• **Data extracted from a collection**
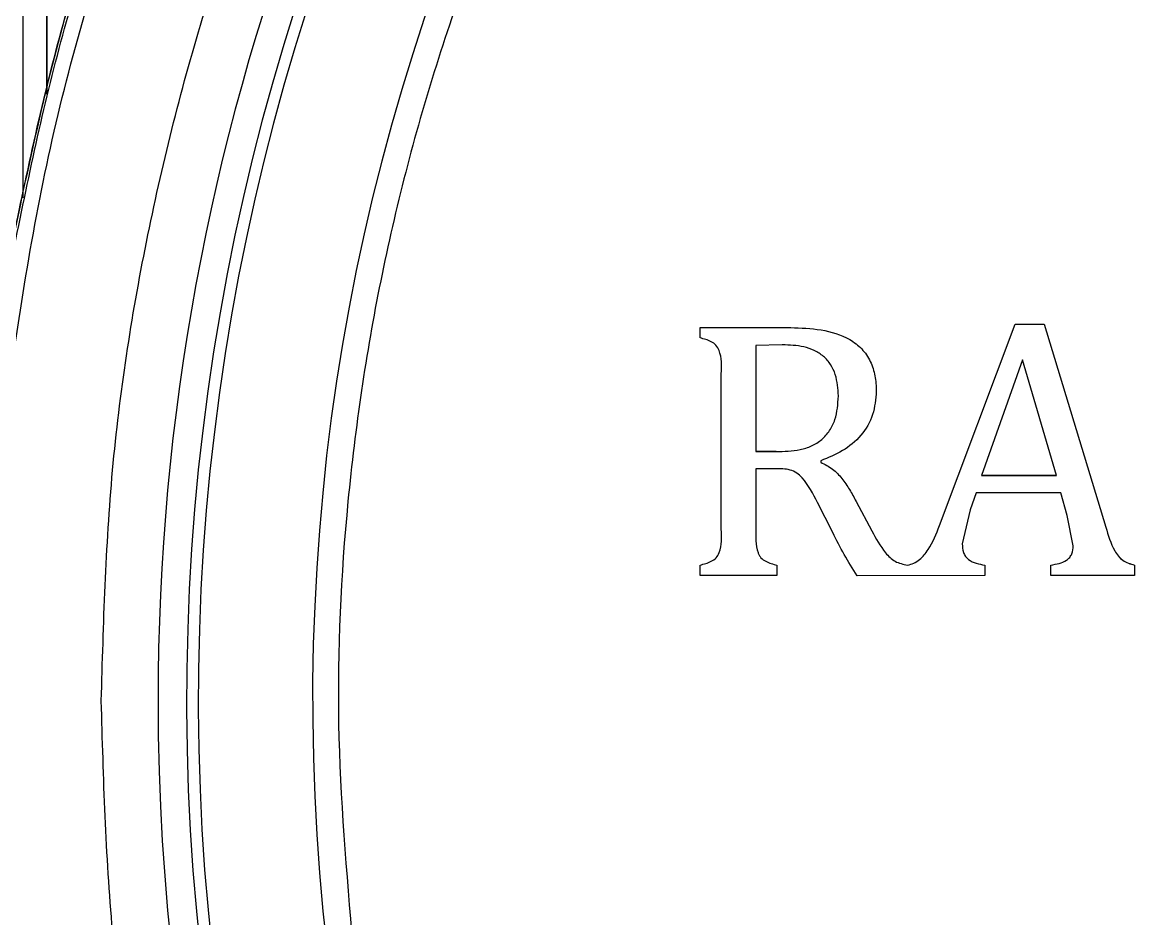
# Model space of a CAD drawing. Header units: millimetres. Extents: x 2003 to 4439, y 563 to 2285.
# Drawn here: x 2549.59 to 2594.38, y 2027 to 2062.71 of the extents above; entities that cross this region are included whole.
import ezdxf

# ---------------------------------------------------------------- set-up
doc = ezdxf.new("R2010")
doc.units = ezdxf.units.MM

msp = doc.modelspace()

# ---------------------------------------------------------------- linework, layer by layer
at = {"color": 7, "linetype": 'Continuous', "lineweight": 25}
for p, q in [((2586.134, 2042.659), (2589.153, 2050.689)), ((2586.134, 2042.659), (2589.153, 2050.689)), ((2589.153, 2050.689), (2590.298, 2050.689)), ((2589.153, 2050.689), (2589.153, 2050.689)), ((2589.153, 2050.689), (2590.298, 2050.689)), ((2590.298, 2050.689), (2592.759, 2042.601)), ((2590.298, 2050.689), (2590.298, 2050.689)), ((2590.298, 2050.689), (2592.759, 2042.601)), ((2576.59, 2050.14), (2576.59, 2050.552)), ((2576.59, 2050.552), (2580.203, 2050.552)), ((2576.59, 2050.552), (2580.203, 2050.552)), ((2576.59, 2050.552), (2576.59, 2050.552)), ((2580.203, 2050.552), (2580.203, 2050.552)), ((2579.866, 2049.866), (2578.809, 2049.838)), ((2578.809, 2049.838), (2578.809, 2045.613)), ((2589.436, 2049.27), (2587.804, 2044.652)), ((2590.795, 2044.652), (2589.436, 2049.27)), ((2577.437, 2042.521), (2577.437, 2048.704)), ((2583.611, 2048.022), (2583.611, 2048.022)), ((2578.809, 2045.613), (2579.626, 2045.613)), ((2578.809, 2045.613), (2578.809, 2045.613)), ((2579.626, 2045.613), (2578.809, 2045.613)), ((2579.626, 2045.613), (2579.626, 2045.613)), ((2579.6, 2044.927), (2578.809, 2044.927)), ((2578.809, 2044.927), (2578.809, 2042.526)), ((2581.401, 2045.246), (2581.401, 2045.182)), ((2587.804, 2044.652), (2590.795, 2044.652)), ((2590.795, 2044.652), (2587.804, 2044.652)), ((2587.596, 2043.966), (2587.354, 2043.289)), ((2590.964, 2043.966), (2587.596, 2043.966)), ((2591.217, 2043.066), (2590.964, 2043.966)), ((2581.879, 2042.38), (2581.268, 2043.578)), ((2582.809, 2043.625), (2582.809, 2043.625)), ((2582.809, 2043.625), (2583.44, 2042.444)), ((2582.809, 2043.625), (2583.44, 2042.444)), ((2587.354, 2043.289), (2587.039, 2041.932)), ((2591.457, 2041.859), (2591.217, 2043.066)), ((2586.134, 2042.659), (2586.134, 2042.659)), ((2592.759, 2042.601), (2592.759, 2042.601)), ((2577.437, 2042.521), (2577.437, 2042.521)), ((2583.44, 2042.444), (2583.44, 2042.444)), ((2576.59, 2040.674), (2576.59, 2041.085)), ((2576.59, 2041.085), (2576.59, 2041.085)), ((2579.656, 2041.085), (2579.656, 2040.674)), ((2584.856, 2041.083), (2584.856, 2041.083)), ((2587.935, 2041.085), (2587.935, 2040.674)), ((2590.568, 2040.674), (2590.568, 2041.085)), ((2593.901, 2041.085), (2593.901, 2040.674)), ((2593.901, 2041.085), (2593.901, 2041.085)), ((2579.656, 2040.674), (2576.59, 2040.674)), ((2587.935, 2040.674), (2582.853, 2040.657)), ((2593.901, 2040.674), (2590.568, 2040.674))]:
    msp.add_line(p, q, dxfattribs=at)
for radius, start, end in [(91.48, 295.79271, 180), (90.341, 353.64897, 186.35103), (89.875, 353.64897, 186.35103), (85.319, 353.33017, 186.66983), (91.48, 180, 290.22656)]:
    msp.add_arc((2646.47, 2035.674), radius, start, end, dxfattribs=at)
for points in [[(2548.796, 2046.464), (2549.32, 2050.115), (2550.368, 2057.419), (2553.488, 2068.062), (2557.696, 2078.305), (2563.051, 2088.006), (2569.456, 2097.045), (2576.837, 2105.307), (2585.099, 2112.688), (2594.139, 2119.093), (2603.839, 2124.448), (2614.082, 2128.656), (2624.725, 2131.776), (2632.029, 2132.824), (2635.68, 2133.348)], [(2548.999, 2053.006), (2549.685, 2056.301), (2551.058, 2062.889), (2554.379, 2072.441), (2558.583, 2081.625), (2563.718, 2090.328), (2569.708, 2098.464), (2576.495, 2105.949), (2584.009, 2112.705), (2592.171, 2118.659), (2600.896, 2123.757), (2610.097, 2127.922), (2619.663, 2131.202), (2626.258, 2132.546), (2629.555, 2133.219)], [(2552.729, 2035.674), (2552.816, 2038.742), (2552.99, 2044.877), (2554.394, 2053.992), (2556.619, 2062.93), (2559.727, 2071.605), (2563.665, 2079.934), (2568.402, 2087.838), (2573.891, 2095.238), (2580.079, 2102.065), (2586.906, 2108.253), (2594.307, 2113.742), (2602.21, 2118.479), (2610.539, 2122.418), (2619.215, 2125.526), (2628.153, 2127.751), (2637.267, 2129.154), (2643.402, 2129.328), (2646.47, 2129.415)], [(2646.47, 2119.96), (2643.507, 2119.87), (2637.582, 2119.689), (2628.793, 2118.234), (2620.2, 2115.929), (2611.899, 2112.714), (2603.982, 2108.649), (2596.537, 2103.771), (2589.646, 2098.137), (2583.387, 2091.809), (2577.829, 2084.857), (2573.034, 2077.36), (2569.054, 2069.398), (2565.935, 2061.063), (2563.706, 2052.444), (2562.415, 2043.642), (2561.99, 2034.743), (2562.499, 2028.837), (2562.754, 2025.884)], [(2549.05, 2052.702), (2549.638, 2055.616), (2550.814, 2061.444), (2553.566, 2069.938), (2557.014, 2078.167), (2561.214, 2086.038), (2566.059, 2093.539), (2569.833, 2098.132), (2571.721, 2100.429)], [(2646.47, 1941.934), (2643.402, 1942.021), (2637.267, 1942.195), (2628.153, 1943.598), (2619.215, 1945.823), (2610.539, 1948.931), (2602.21, 1952.87), (2594.307, 1957.607), (2586.906, 1963.096), (2580.079, 1969.283), (2573.891, 1976.11), (2568.402, 1983.511), (2563.665, 1991.414), (2559.727, 1999.744), (2556.619, 2008.419), (2554.394, 2017.357), (2552.99, 2026.471), (2552.816, 2032.607), (2552.729, 2035.674)]]:
    msp.add_open_spline(points, degree=3, dxfattribs=at)
for points, knots in [([(2549.611, 2055.722), (2549.611, 2056.978), (2549.611, 2060.801), (2549.611, 2065.729), (2549.611, 2071.767), (2549.611, 2076.429), (2549.611, 2082.001), (2549.611, 2086.24), (2549.61, 2091.218), (2549.61, 2095.863), (2549.61, 2100.01), (2549.61, 2103.747), (2549.61, 2106.402), (2549.61, 2109.274), (2549.61, 2111.196), (2549.61, 2113.297), (2549.61, 2114.099), (2549.61, 2114.66)], [0, 0, 0, 0, 0.041991, 0.127821, 0.170695, 0.256527, 0.299401, 0.385233, 0.428107, 0.513939, 0.599771, 0.642645, 0.728477, 0.77135, 0.857181, 0.900055, 1, 1, 1, 1]), ([(2550.621, 2112.768), (2550.621, 2112.507), (2550.621, 2111.972), (2550.619, 2109.946), (2550.615, 2107.091), (2550.611, 2103.422), (2550.605, 2098.751), (2550.597, 2093.034), (2550.588, 2086.258), (2550.579, 2079.121), (2550.569, 2071.904), (2550.561, 2065.7), (2550.555, 2061.571), (2550.553, 2059.902)], [0, 0, 0, 0, 0.094145, 0.193435, 0.281386, 0.373015, 0.468324, 0.567312, 0.66998, 0.77633, 0.858534, 0.942811, 1, 1, 1, 1]), ([(2550.609, 2112.329), (2550.609, 2112.305), (2550.609, 2112.268), (2550.609, 2112.191), (2550.609, 2112.095), (2550.609, 2111.965), (2550.609, 2111.835), (2550.609, 2111.699), (2550.609, 2111.517), (2550.608, 2111.209), (2550.608, 2110.879), (2550.608, 2110.583), (2550.607, 2110.396), (2550.607, 2110.189), (2550.607, 2109.96), (2550.607, 2109.707), (2550.606, 2108.879), (2550.604, 2107.331), (2550.601, 2104.821), (2550.598, 2102.329), (2550.595, 2100.036), (2550.592, 2098.084), (2550.59, 2096.579), (2550.589, 2095.641), (2550.588, 2095.186), (2550.588, 2095.053), (2550.588, 2095.01), (2550.588, 2094.995), (2550.588, 2094.99), (2550.588, 2094.988), (2550.588, 2094.987), (2550.588, 2094.986), (2550.588, 2094.986), (2550.588, 2094.986), (2550.588, 2094.986), (2550.588, 2094.986), (2550.588, 2094.765), (2550.587, 2094.196), (2550.586, 2093.112), (2550.584, 2091.743), (2550.582, 2090.397), (2550.581, 2089.369), (2550.58, 2088.567), (2550.579, 2087.688), (2550.577, 2086.598), (2550.576, 2085.472), (2550.574, 2084.513), (2550.573, 2083.553), (2550.572, 2082.493), (2550.57, 2081.23), (2550.569, 2080.104), (2550.567, 2079.052), (2550.566, 2078.008), (2550.564, 2076.946), (2550.563, 2075.828), (2550.561, 2074.616), (2550.559, 2073.048), (2550.557, 2071.332), (2550.555, 2069.662), (2550.553, 2068.267), (2550.551, 2066.99), (2550.549, 2065.198), (2550.546, 2063.566), (2550.545, 2062.162), (2550.544, 2061.566), (2550.543, 2060.968), (2550.543, 2060.566), (2550.542, 2060.343), (2550.542, 2060.263), (2550.542, 2060.093), (2550.542, 2059.944), (2550.542, 2059.851)], [0, 0, 0, 0, 0.012731, 0.019932, 0.032651, 0.047597, 0.059828, 0.067378, 0.080831, 0.100684, 0.128346, 0.136881, 0.145952, 0.155559, 0.165701, 0.176379, 0.187593, 0.265595, 0.333484, 0.391258, 0.438913, 0.476448, 0.50386, 0.521149, 0.525997, 0.527472, 0.528021, 0.5282, 0.528267, 0.528294, 0.528305, 0.52831, 0.528312, 0.528313, 0.528313, 0.528314, 0.528314, 0.539711, 0.557422, 0.582649, 0.606451, 0.62101, 0.630079, 0.642964, 0.660519, 0.678211, 0.691797, 0.70145, 0.718725, 0.736001, 0.753277, 0.764234, 0.777989, 0.794543, 0.80571, 0.821168, 0.840916, 0.864954, 0.885085, 0.902226, 0.915656, 0.931077, 0.966336, 0.973263, 0.980189, 0.987116, 0.994043, 0.994137, 0.994848, 0.996798, 1, 1, 1, 1]), ([(2548.999, 2053.007), (2549.605, 2055.963), (2550.805, 2061.811), (2553.572, 2070.236), (2556.933, 2078.22), (2561.343, 2086.479), (2566.027, 2093.775), (2569.829, 2098.184), (2571.243, 2099.824)], [0, 0, 0, 0, 0.1724649, 0.3411658, 0.5061024, 0.6672745, 0.8762679, 1, 1, 1, 1]), ([(2580.203, 2050.552), (2580.606, 2050.538), (2581.413, 2050.511), (2582.403, 2050.214), (2583.055, 2049.723), (2583.404, 2049.215), (2583.55, 2048.726), (2583.605, 2048.326), (2583.609, 2048.123), (2583.611, 2048.022)], [0, 0, 0, 0, 0.250321, 0.499801, 0.624784, 0.749675, 0.874698, 0.937347, 1, 1, 1, 1]), ([(2577.437, 2048.704), (2577.451, 2049.027), (2577.468, 2049.431), (2577.24, 2049.859), (2576.973, 2050.04), (2576.744, 2050.1), (2576.59, 2050.14)], [0, 0, 0, 0, 0.499621, 0.62515, 0.749473, 1, 1, 1, 1]), ([(2582.102, 2047.825), (2582.085, 2048.117), (2582.059, 2048.555), (2581.808, 2049.086), (2581.521, 2049.419), (2581.148, 2049.652), (2580.594, 2049.84), (2580.157, 2049.855), (2579.866, 2049.866)], [0, 0, 0, 0, 0.2495868, 0.3746258, 0.4995906, 0.6247112, 0.7498825, 1, 1, 1, 1]), ([(2583.611, 2048.022), (2583.587, 2047.703), (2583.538, 2047.064), (2583.038, 2046.218), (2582.287, 2045.606), (2581.697, 2045.366), (2581.401, 2045.246)], [0, 0, 0, 0, 0.249907, 0.499448, 0.749459, 1, 1, 1, 1]), ([(2579.626, 2045.613), (2579.947, 2045.616), (2580.429, 2045.621), (2581.042, 2045.818), (2581.453, 2046.074), (2581.769, 2046.44), (2582.053, 2047.021), (2582.083, 2047.504), (2582.102, 2047.825)], [0, 0, 0, 0, 0.2503, 0.375337, 0.500381, 0.62533, 0.750439, 1, 1, 1, 1]), ([(2581.268, 2043.578), (2581.092, 2043.926), (2580.871, 2044.361), (2580.451, 2044.77), (2580.088, 2044.925), (2579.795, 2044.926), (2579.6, 2044.927)], [0, 0, 0, 0, 0.500158, 0.625065, 0.75011, 1, 1, 1, 1]), ([(2581.401, 2045.182), (2581.562, 2045.101), (2581.883, 2044.939), (2582.254, 2044.542), (2582.554, 2044.098), (2582.724, 2043.783), (2582.809, 2043.625)], [0, 0, 0, 0, 0.249742, 0.499519, 0.749697, 1, 1, 1, 1]), ([(2584.856, 2041.083), (2584.942, 2041.105), (2585.114, 2041.148), (2585.415, 2041.344), (2585.807, 2041.834), (2586.004, 2042.329), (2586.134, 2042.659)], [0, 0, 0, 0, 0.125077, 0.250222, 0.499887, 1, 1, 1, 1]), ([(2584.856, 2041.083), (2584.942, 2041.105), (2585.114, 2041.148), (2585.415, 2041.344), (2585.807, 2041.834), (2586.004, 2042.329), (2586.134, 2042.659)], [0, 0, 0, 0, 0.125077, 0.250222, 0.499887, 1, 1, 1, 1]), ([(2592.759, 2042.601), (2592.854, 2042.275), (2592.973, 2041.867), (2593.25, 2041.444), (2593.493, 2041.205), (2593.737, 2041.133), (2593.901, 2041.085)], [0, 0, 0, 0, 0.50046, 0.628361, 0.750703, 1, 1, 1, 1]), ([(2592.759, 2042.601), (2592.854, 2042.276), (2592.975, 2041.863), (2593.252, 2041.44), (2593.498, 2041.204), (2593.738, 2041.133), (2593.901, 2041.085)], [0, 0, 0, 0, 0.50044, 0.635369, 0.750713, 1, 1, 1, 1]), ([(2576.59, 2041.085), (2576.744, 2041.125), (2576.974, 2041.185), (2577.244, 2041.364), (2577.471, 2041.794), (2577.452, 2042.198), (2577.437, 2042.521)], [0, 0, 0, 0, 0.250512, 0.375245, 0.500165, 1, 1, 1, 1]), ([(2576.59, 2041.085), (2576.744, 2041.125), (2576.974, 2041.185), (2577.244, 2041.364), (2577.471, 2041.794), (2577.452, 2042.198), (2577.437, 2042.521)], [0, 0, 0, 0, 0.250512, 0.375245, 0.500165, 1, 1, 1, 1]), ([(2578.809, 2042.526), (2578.803, 2042.204), (2578.796, 2041.842), (2578.943, 2041.473), (2579.038, 2041.344), (2579.27, 2041.183), (2579.502, 2041.124), (2579.656, 2041.085)], [0, 0, 0, 0, 0.4992485, 0.5620926, 0.6245905, 0.749614, 1, 1, 1, 1]), ([(2582.853, 2040.657), (2582.675, 2040.936), (2582.321, 2041.493), (2582.026, 2042.084), (2581.879, 2042.38)], [0, 0, 0, 0, 0.499901, 1, 1, 1, 1]), ([(2583.44, 2042.444), (2583.6, 2042.143), (2583.842, 2041.69), (2584.345, 2041.192), (2584.686, 2041.12), (2584.856, 2041.083)], [0, 0, 0, 0, 0.500537, 0.750346, 1, 1, 1, 1]), ([(2583.44, 2042.444), (2583.6, 2042.143), (2583.842, 2041.69), (2584.345, 2041.192), (2584.686, 2041.12), (2584.856, 2041.083)], [0, 0, 0, 0, 0.500537, 0.750346, 1, 1, 1, 1]), ([(2587.039, 2041.932), (2587.046, 2041.816), (2587.057, 2041.639), (2587.162, 2041.43), (2587.325, 2041.263), (2587.594, 2041.143), (2587.822, 2041.104), (2587.935, 2041.085)], [0, 0, 0, 0, 0.249595, 0.377929, 0.49984, 0.749543, 1, 1, 1, 1]), ([(2590.568, 2041.085), (2590.791, 2041.124), (2591.07, 2041.172), (2591.326, 2041.387), (2591.442, 2041.58), (2591.451, 2041.747), (2591.457, 2041.859)], [0, 0, 0, 0, 0.499477, 0.62618, 0.750315, 1, 1, 1, 1])]:
    msp.add_open_spline(points, degree=3, knots=knots, dxfattribs=at)

doc.saveas('drawing.dxf')

• **TASK TO CARRY OUT**
Scan the records for the string "ezdxf". Copy each line in which it appears.

• **EXERCISE RESULT**
import ezdxf
doc = ezdxf.new("R2010")
doc.units = ezdxf.units.MM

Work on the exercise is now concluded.